▼▼▼
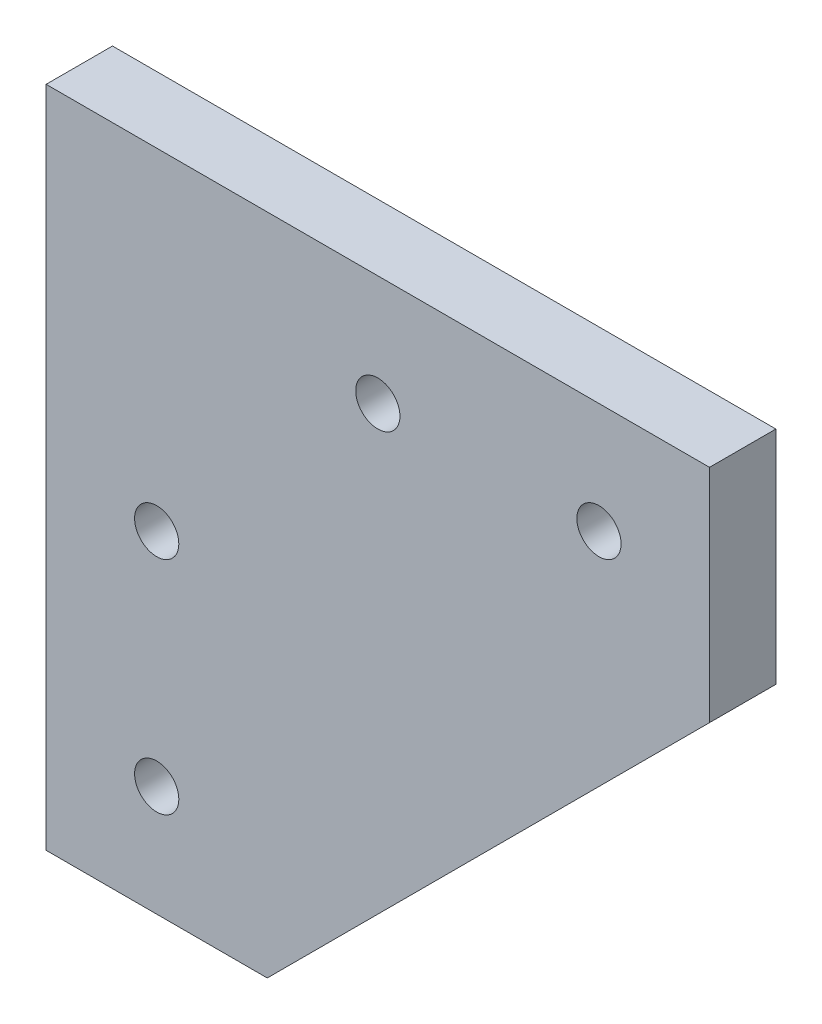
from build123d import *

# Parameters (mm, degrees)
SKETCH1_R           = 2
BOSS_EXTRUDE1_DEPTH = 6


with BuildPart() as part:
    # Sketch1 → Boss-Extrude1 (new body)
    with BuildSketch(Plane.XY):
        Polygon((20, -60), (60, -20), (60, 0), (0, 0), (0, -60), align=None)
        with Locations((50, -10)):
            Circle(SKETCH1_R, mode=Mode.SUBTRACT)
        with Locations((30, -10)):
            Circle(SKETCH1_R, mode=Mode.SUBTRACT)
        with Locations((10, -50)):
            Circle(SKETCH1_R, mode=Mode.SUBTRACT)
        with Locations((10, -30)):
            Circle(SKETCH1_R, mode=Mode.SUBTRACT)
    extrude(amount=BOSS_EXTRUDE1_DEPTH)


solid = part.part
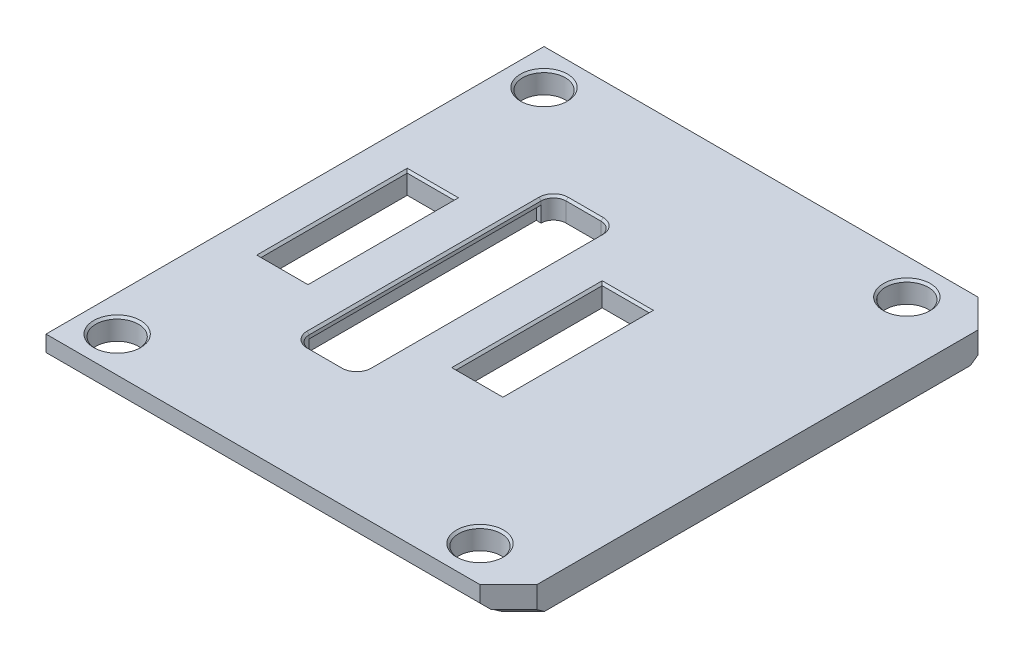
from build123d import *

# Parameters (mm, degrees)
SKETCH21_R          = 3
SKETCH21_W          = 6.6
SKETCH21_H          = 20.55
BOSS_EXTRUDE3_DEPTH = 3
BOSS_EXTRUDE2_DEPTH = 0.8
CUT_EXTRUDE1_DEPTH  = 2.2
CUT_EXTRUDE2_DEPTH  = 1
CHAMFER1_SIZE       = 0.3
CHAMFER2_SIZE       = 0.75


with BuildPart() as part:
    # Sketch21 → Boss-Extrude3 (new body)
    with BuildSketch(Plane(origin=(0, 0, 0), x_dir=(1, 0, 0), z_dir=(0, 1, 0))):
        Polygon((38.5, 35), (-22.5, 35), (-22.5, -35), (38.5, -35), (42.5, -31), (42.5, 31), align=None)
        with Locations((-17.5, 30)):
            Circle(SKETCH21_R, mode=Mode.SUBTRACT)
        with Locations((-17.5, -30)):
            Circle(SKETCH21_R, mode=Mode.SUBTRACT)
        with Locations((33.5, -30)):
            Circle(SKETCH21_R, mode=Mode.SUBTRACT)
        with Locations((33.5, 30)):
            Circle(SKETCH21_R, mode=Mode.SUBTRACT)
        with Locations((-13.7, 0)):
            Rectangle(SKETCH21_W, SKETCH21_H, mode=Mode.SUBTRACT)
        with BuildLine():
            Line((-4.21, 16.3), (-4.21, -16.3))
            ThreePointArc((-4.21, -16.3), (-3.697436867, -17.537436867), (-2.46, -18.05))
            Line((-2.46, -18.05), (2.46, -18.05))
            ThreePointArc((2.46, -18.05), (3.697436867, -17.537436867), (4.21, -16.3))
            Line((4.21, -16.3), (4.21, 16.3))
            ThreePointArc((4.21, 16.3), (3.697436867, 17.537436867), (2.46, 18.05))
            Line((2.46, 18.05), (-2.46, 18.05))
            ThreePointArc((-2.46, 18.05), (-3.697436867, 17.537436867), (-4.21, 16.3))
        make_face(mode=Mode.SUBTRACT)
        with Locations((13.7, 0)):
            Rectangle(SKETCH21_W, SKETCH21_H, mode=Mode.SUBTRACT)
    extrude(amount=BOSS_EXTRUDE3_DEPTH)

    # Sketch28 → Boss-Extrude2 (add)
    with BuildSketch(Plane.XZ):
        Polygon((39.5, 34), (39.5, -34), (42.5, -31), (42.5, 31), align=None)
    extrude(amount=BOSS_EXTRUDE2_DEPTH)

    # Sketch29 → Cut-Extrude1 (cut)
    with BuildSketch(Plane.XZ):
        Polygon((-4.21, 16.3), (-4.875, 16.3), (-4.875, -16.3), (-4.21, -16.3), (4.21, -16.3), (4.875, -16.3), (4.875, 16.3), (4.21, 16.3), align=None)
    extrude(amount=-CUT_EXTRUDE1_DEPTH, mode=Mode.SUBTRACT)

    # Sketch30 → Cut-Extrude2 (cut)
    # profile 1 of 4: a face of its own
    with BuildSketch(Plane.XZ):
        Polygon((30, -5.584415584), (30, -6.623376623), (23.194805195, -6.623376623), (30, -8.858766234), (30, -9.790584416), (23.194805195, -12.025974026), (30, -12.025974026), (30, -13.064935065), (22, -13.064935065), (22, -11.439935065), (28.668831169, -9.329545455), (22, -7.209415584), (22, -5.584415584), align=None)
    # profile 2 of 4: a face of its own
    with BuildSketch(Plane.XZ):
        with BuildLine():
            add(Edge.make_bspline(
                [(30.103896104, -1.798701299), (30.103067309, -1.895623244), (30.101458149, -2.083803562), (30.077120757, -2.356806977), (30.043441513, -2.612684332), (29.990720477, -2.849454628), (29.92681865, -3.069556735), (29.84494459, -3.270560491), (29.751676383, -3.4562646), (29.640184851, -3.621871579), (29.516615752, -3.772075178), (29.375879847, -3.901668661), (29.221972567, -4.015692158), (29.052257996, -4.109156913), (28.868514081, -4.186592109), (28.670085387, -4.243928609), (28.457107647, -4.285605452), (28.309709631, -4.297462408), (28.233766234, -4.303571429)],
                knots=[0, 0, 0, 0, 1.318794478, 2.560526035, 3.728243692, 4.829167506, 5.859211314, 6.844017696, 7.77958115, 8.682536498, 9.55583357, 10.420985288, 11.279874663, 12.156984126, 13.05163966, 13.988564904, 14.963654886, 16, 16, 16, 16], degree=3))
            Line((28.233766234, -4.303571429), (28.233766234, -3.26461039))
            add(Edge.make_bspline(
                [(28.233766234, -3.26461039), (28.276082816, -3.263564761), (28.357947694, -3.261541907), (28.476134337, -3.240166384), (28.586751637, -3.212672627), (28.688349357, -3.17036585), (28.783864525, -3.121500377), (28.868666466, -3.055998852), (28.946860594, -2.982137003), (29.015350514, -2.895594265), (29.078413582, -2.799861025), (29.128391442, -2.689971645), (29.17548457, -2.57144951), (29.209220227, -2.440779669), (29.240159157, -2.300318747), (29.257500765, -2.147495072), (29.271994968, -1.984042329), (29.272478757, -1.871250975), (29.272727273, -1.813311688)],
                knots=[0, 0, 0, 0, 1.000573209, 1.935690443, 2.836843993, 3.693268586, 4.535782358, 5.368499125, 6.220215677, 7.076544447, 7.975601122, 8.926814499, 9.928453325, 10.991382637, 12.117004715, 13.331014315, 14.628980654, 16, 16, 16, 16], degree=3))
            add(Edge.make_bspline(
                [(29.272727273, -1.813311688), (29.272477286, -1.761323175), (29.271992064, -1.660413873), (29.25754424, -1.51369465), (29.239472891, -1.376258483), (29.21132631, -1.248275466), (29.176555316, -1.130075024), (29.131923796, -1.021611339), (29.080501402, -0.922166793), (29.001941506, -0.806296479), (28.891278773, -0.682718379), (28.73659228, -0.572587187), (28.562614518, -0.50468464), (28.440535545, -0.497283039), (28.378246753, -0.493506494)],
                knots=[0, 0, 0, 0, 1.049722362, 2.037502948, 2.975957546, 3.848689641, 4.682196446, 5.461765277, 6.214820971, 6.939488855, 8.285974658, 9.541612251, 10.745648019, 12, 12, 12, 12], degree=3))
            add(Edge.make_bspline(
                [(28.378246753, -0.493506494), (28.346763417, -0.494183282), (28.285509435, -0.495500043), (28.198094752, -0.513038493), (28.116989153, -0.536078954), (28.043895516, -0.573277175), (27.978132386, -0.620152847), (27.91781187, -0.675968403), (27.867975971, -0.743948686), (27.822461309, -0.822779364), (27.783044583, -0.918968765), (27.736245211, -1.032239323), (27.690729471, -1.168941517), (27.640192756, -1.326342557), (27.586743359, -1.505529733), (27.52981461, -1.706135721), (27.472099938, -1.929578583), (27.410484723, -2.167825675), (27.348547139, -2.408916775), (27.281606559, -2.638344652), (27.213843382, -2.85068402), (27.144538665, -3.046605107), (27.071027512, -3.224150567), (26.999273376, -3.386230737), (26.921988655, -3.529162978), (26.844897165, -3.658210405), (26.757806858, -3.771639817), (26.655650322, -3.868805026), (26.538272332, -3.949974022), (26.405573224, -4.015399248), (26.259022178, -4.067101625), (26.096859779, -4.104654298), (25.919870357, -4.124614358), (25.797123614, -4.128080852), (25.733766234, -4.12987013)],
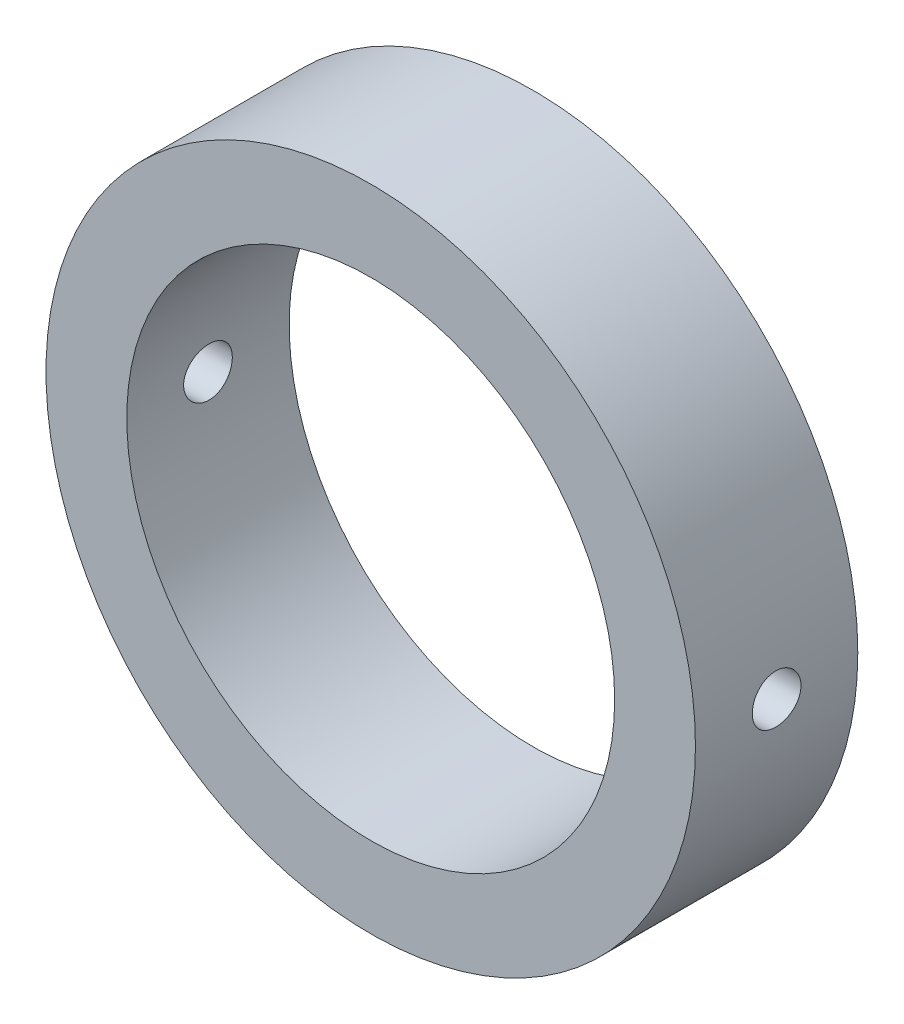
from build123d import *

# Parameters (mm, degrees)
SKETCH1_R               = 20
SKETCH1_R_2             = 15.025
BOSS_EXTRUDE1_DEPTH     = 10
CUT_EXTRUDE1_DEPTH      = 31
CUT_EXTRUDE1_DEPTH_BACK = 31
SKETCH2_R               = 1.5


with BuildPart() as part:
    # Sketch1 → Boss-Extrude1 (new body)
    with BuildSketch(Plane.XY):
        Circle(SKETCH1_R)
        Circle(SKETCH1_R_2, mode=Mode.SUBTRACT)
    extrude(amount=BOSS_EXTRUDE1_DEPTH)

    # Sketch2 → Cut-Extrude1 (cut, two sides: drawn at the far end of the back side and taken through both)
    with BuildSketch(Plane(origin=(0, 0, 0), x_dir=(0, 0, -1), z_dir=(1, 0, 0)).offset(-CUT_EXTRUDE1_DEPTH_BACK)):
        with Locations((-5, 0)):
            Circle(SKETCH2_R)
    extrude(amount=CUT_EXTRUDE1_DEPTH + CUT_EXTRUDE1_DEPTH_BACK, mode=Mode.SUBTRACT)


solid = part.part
▲▲▲
Problem description:
Across the listing above, report every line where "Locations" occurs.

Output of the exercise:
        with Locations((50, -10)):
        with Locations((30, -10)):
        with Locations((10, -50)):
        with Locations((10, -30)):
        with Locations((-17.5, 30)):
        with Locations((-17.5, -30)):
        with Locations((33.5, -30)):
        with Locations((33.5, 30)):
        with Locations((-13.7, 0)):
        with Locations((13.7, 0)):
        with Locations((-5, 0)):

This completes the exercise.